# [Requirement]
Below are some entries. Repeat exactly the lines from the one with "at (104.1, 71.4)" through the one with "- net Net-(IC1-Pad6): track 23.7 -> 27.6 mm", and only those.

─── Input for this task ───

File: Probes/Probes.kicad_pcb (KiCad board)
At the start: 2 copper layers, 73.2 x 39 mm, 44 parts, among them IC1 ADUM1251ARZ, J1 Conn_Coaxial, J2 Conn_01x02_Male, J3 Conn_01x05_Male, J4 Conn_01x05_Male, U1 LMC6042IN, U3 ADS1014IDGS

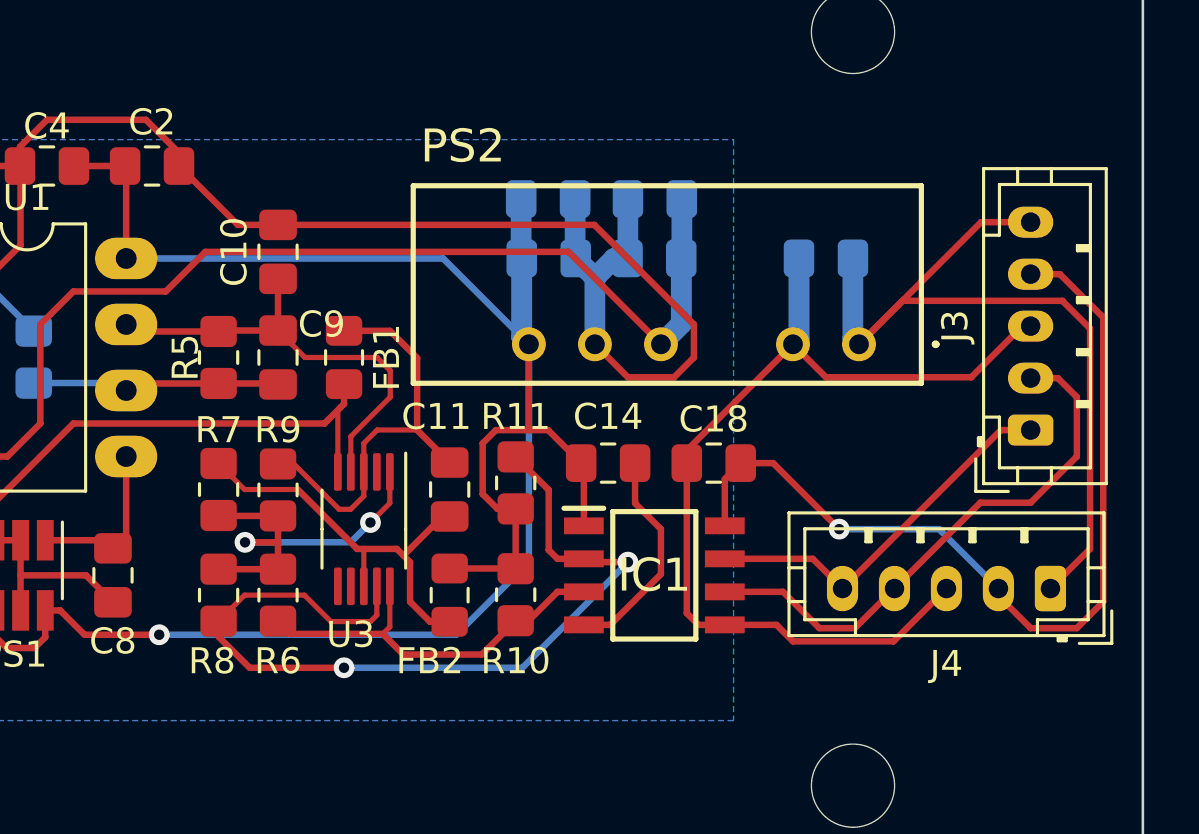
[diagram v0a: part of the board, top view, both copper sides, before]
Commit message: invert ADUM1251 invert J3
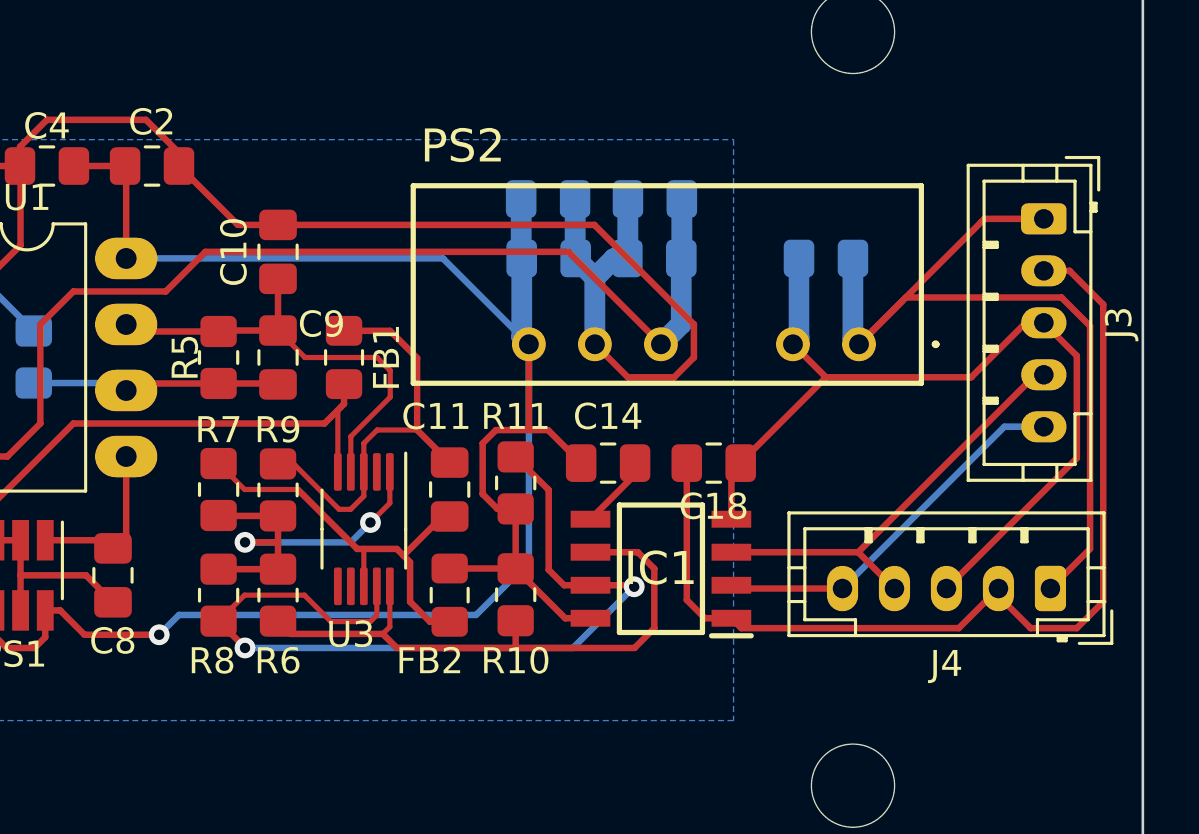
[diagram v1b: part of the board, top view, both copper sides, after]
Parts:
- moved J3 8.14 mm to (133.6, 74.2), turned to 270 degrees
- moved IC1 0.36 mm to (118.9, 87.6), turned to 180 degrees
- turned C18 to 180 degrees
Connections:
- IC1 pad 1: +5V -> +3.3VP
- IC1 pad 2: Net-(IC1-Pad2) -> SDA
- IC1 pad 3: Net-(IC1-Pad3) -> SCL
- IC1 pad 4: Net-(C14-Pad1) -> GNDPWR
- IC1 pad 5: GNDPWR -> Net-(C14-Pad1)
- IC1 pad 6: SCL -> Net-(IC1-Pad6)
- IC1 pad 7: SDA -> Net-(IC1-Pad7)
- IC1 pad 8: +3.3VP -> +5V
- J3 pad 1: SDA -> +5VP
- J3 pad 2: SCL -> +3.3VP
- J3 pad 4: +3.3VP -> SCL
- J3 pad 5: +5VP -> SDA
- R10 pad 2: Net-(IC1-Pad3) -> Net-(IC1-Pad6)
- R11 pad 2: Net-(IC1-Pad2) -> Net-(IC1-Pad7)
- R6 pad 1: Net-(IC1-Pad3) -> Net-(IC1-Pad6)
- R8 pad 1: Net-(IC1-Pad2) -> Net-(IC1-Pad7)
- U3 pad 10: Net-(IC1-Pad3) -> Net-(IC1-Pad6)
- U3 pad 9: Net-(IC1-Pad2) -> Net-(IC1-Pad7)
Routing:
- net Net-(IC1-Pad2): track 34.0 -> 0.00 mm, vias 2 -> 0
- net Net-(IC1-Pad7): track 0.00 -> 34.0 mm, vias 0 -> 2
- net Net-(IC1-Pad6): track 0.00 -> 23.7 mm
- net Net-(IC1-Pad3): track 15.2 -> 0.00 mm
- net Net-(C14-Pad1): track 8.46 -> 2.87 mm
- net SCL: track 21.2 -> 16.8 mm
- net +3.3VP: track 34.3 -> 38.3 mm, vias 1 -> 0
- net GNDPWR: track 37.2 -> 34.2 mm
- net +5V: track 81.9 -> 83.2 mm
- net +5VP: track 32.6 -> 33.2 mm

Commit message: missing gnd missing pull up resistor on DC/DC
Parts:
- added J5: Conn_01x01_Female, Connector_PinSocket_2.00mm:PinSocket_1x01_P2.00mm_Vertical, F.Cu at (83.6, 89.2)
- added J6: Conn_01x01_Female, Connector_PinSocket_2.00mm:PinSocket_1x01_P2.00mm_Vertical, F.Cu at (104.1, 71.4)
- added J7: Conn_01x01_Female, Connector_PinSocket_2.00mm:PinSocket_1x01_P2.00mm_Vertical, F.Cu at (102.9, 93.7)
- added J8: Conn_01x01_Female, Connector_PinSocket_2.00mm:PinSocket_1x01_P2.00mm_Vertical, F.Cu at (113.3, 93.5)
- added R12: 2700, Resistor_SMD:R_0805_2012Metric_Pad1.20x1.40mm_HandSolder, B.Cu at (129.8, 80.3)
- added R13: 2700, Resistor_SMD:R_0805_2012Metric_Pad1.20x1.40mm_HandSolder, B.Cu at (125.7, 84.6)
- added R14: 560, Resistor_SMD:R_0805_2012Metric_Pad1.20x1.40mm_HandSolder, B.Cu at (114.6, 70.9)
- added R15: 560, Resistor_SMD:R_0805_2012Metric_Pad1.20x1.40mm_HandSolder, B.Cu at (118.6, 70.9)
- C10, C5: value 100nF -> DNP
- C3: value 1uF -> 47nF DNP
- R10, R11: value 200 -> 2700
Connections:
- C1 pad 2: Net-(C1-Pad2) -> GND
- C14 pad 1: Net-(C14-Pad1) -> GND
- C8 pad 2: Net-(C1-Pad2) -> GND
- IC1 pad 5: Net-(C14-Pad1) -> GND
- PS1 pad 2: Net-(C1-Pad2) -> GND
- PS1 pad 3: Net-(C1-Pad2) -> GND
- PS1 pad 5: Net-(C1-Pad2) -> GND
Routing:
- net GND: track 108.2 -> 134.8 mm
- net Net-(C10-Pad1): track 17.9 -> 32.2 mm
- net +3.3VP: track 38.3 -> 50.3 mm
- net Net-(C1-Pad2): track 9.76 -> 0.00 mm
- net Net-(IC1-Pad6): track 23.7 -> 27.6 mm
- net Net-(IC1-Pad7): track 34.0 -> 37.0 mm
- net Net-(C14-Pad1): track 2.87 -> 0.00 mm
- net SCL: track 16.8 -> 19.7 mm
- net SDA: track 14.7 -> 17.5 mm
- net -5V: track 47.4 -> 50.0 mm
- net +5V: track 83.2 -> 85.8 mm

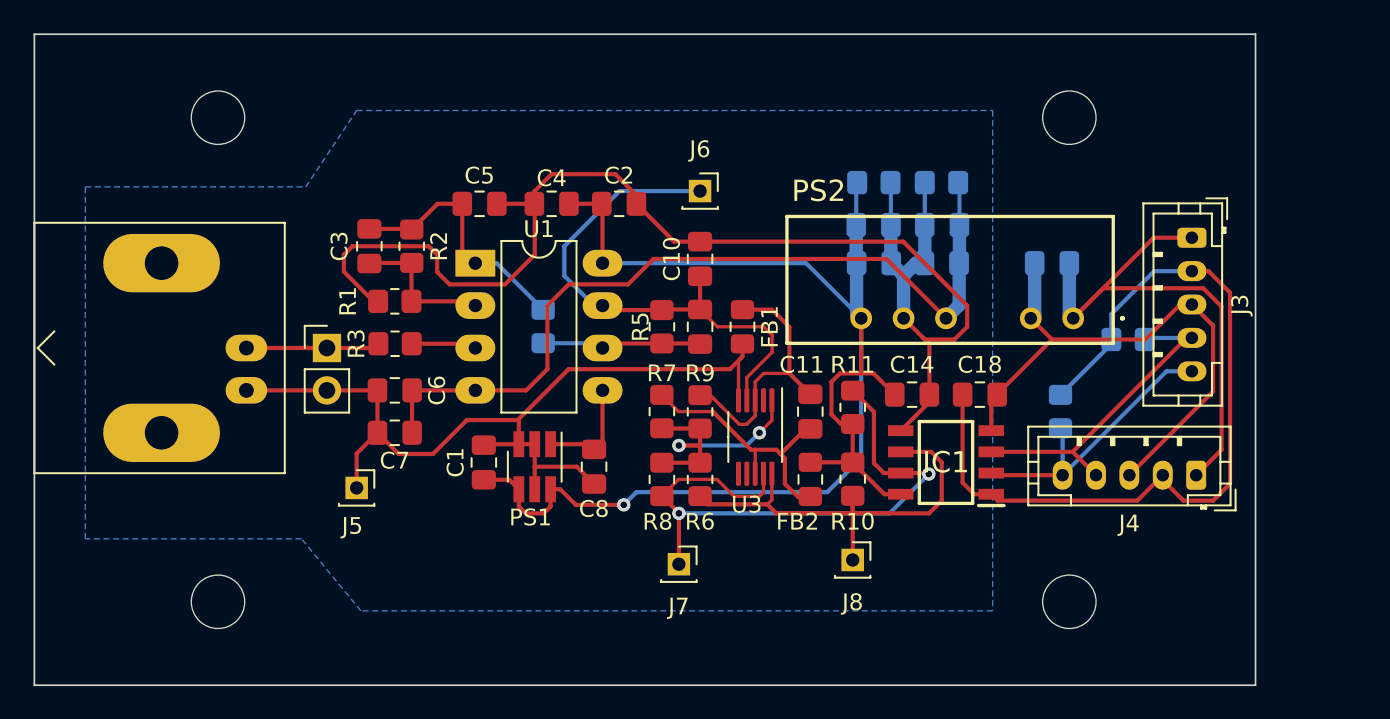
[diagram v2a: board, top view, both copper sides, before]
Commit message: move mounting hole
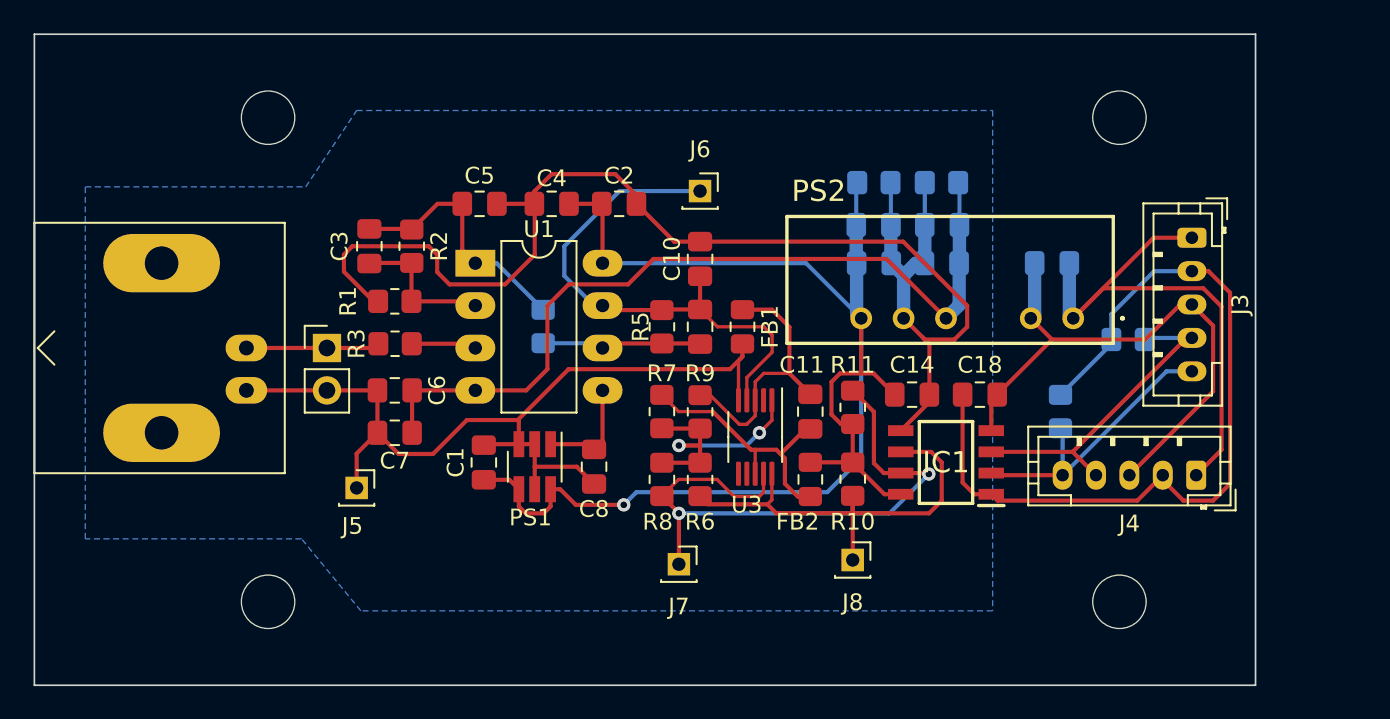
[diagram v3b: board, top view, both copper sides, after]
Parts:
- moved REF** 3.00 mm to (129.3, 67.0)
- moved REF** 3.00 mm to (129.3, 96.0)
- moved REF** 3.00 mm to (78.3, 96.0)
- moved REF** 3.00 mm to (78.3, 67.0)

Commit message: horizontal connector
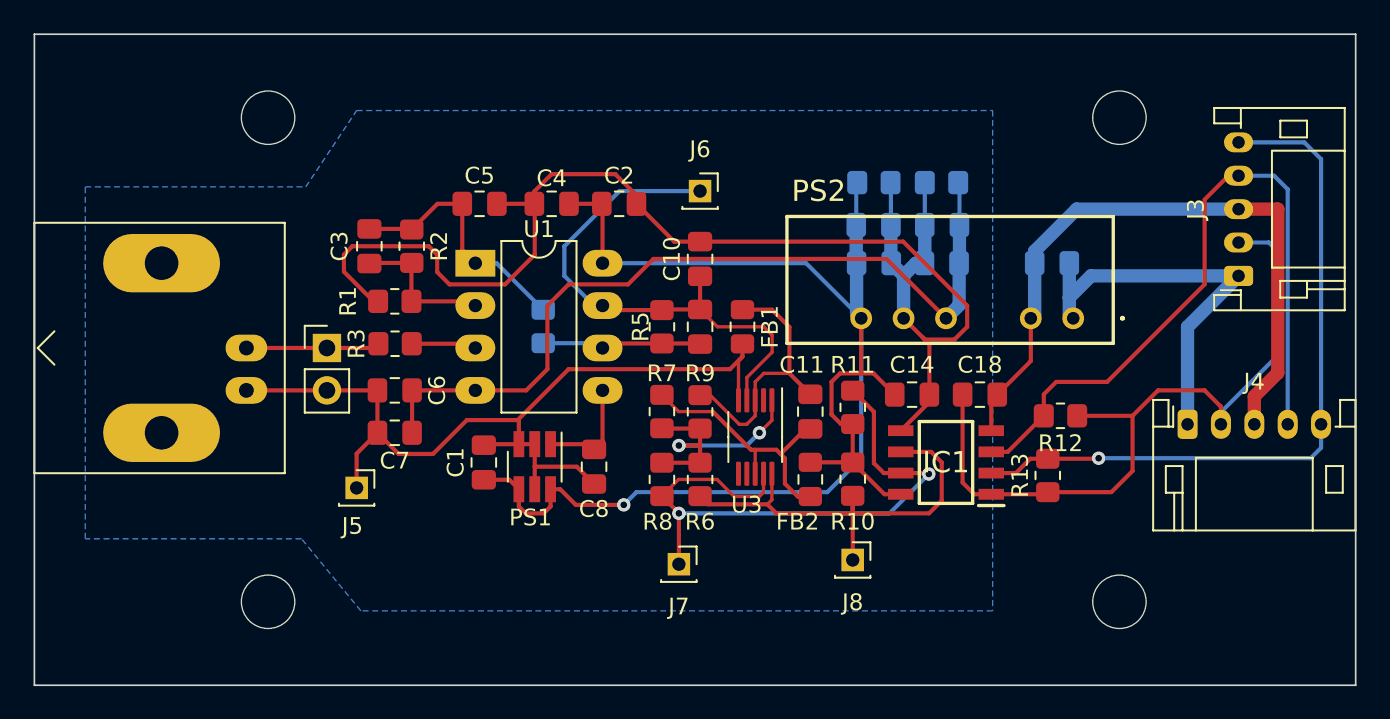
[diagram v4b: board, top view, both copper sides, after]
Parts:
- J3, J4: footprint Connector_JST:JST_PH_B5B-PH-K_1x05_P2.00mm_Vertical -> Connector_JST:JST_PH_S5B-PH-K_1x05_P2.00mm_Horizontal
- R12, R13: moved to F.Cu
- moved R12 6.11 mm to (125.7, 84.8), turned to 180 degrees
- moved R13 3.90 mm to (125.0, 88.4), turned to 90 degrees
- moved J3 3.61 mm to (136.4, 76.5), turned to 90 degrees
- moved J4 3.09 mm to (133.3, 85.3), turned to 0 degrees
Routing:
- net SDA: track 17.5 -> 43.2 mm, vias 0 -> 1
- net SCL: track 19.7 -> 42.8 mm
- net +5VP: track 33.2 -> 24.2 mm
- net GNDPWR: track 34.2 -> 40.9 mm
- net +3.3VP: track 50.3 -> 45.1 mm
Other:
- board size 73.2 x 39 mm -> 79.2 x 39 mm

───

# [Result for this exercise]
- added J6: Conn_01x01_Female, Connector_PinSocket_2.00mm:PinSocket_1x01_P2.00mm_Vertical, F.Cu at (104.1, 71.4)
- added J7: Conn_01x01_Female, Connector_PinSocket_2.00mm:PinSocket_1x01_P2.00mm_Vertical, F.Cu at (102.9, 93.7)
- added J8: Conn_01x01_Female, Connector_PinSocket_2.00mm:PinSocket_1x01_P2.00mm_Vertical, F.Cu at (113.3, 93.5)
- added R12: 2700, Resistor_SMD:R_0805_2012Metric_Pad1.20x1.40mm_HandSolder, B.Cu at (129.8, 80.3)
- added R13: 2700, Resistor_SMD:R_0805_2012Metric_Pad1.20x1.40mm_HandSolder, B.Cu at (125.7, 84.6)
- added R14: 560, Resistor_SMD:R_0805_2012Metric_Pad1.20x1.40mm_HandSolder, B.Cu at (114.6, 70.9)
- added R15: 560, Resistor_SMD:R_0805_2012Metric_Pad1.20x1.40mm_HandSolder, B.Cu at (118.6, 70.9)
- C10, C5: value 100nF -> DNP
- C3: value 1uF -> 47nF DNP
- R10, R11: value 200 -> 2700
Connections:
- C1 pad 2: Net-(C1-Pad2) -> GND
- C14 pad 1: Net-(C14-Pad1) -> GND
- C8 pad 2: Net-(C1-Pad2) -> GND
- IC1 pad 5: Net-(C14-Pad1) -> GND
- PS1 pad 2: Net-(C1-Pad2) -> GND
- PS1 pad 3: Net-(C1-Pad2) -> GND
- PS1 pad 5: Net-(C1-Pad2) -> GND
Routing:
- net GND: track 108.2 -> 134.8 mm
- net Net-(C10-Pad1): track 17.9 -> 32.2 mm
- net +3.3VP: track 38.3 -> 50.3 mm
- net Net-(C1-Pad2): track 9.76 -> 0.00 mm
- net Net-(IC1-Pad6): track 23.7 -> 27.6 mm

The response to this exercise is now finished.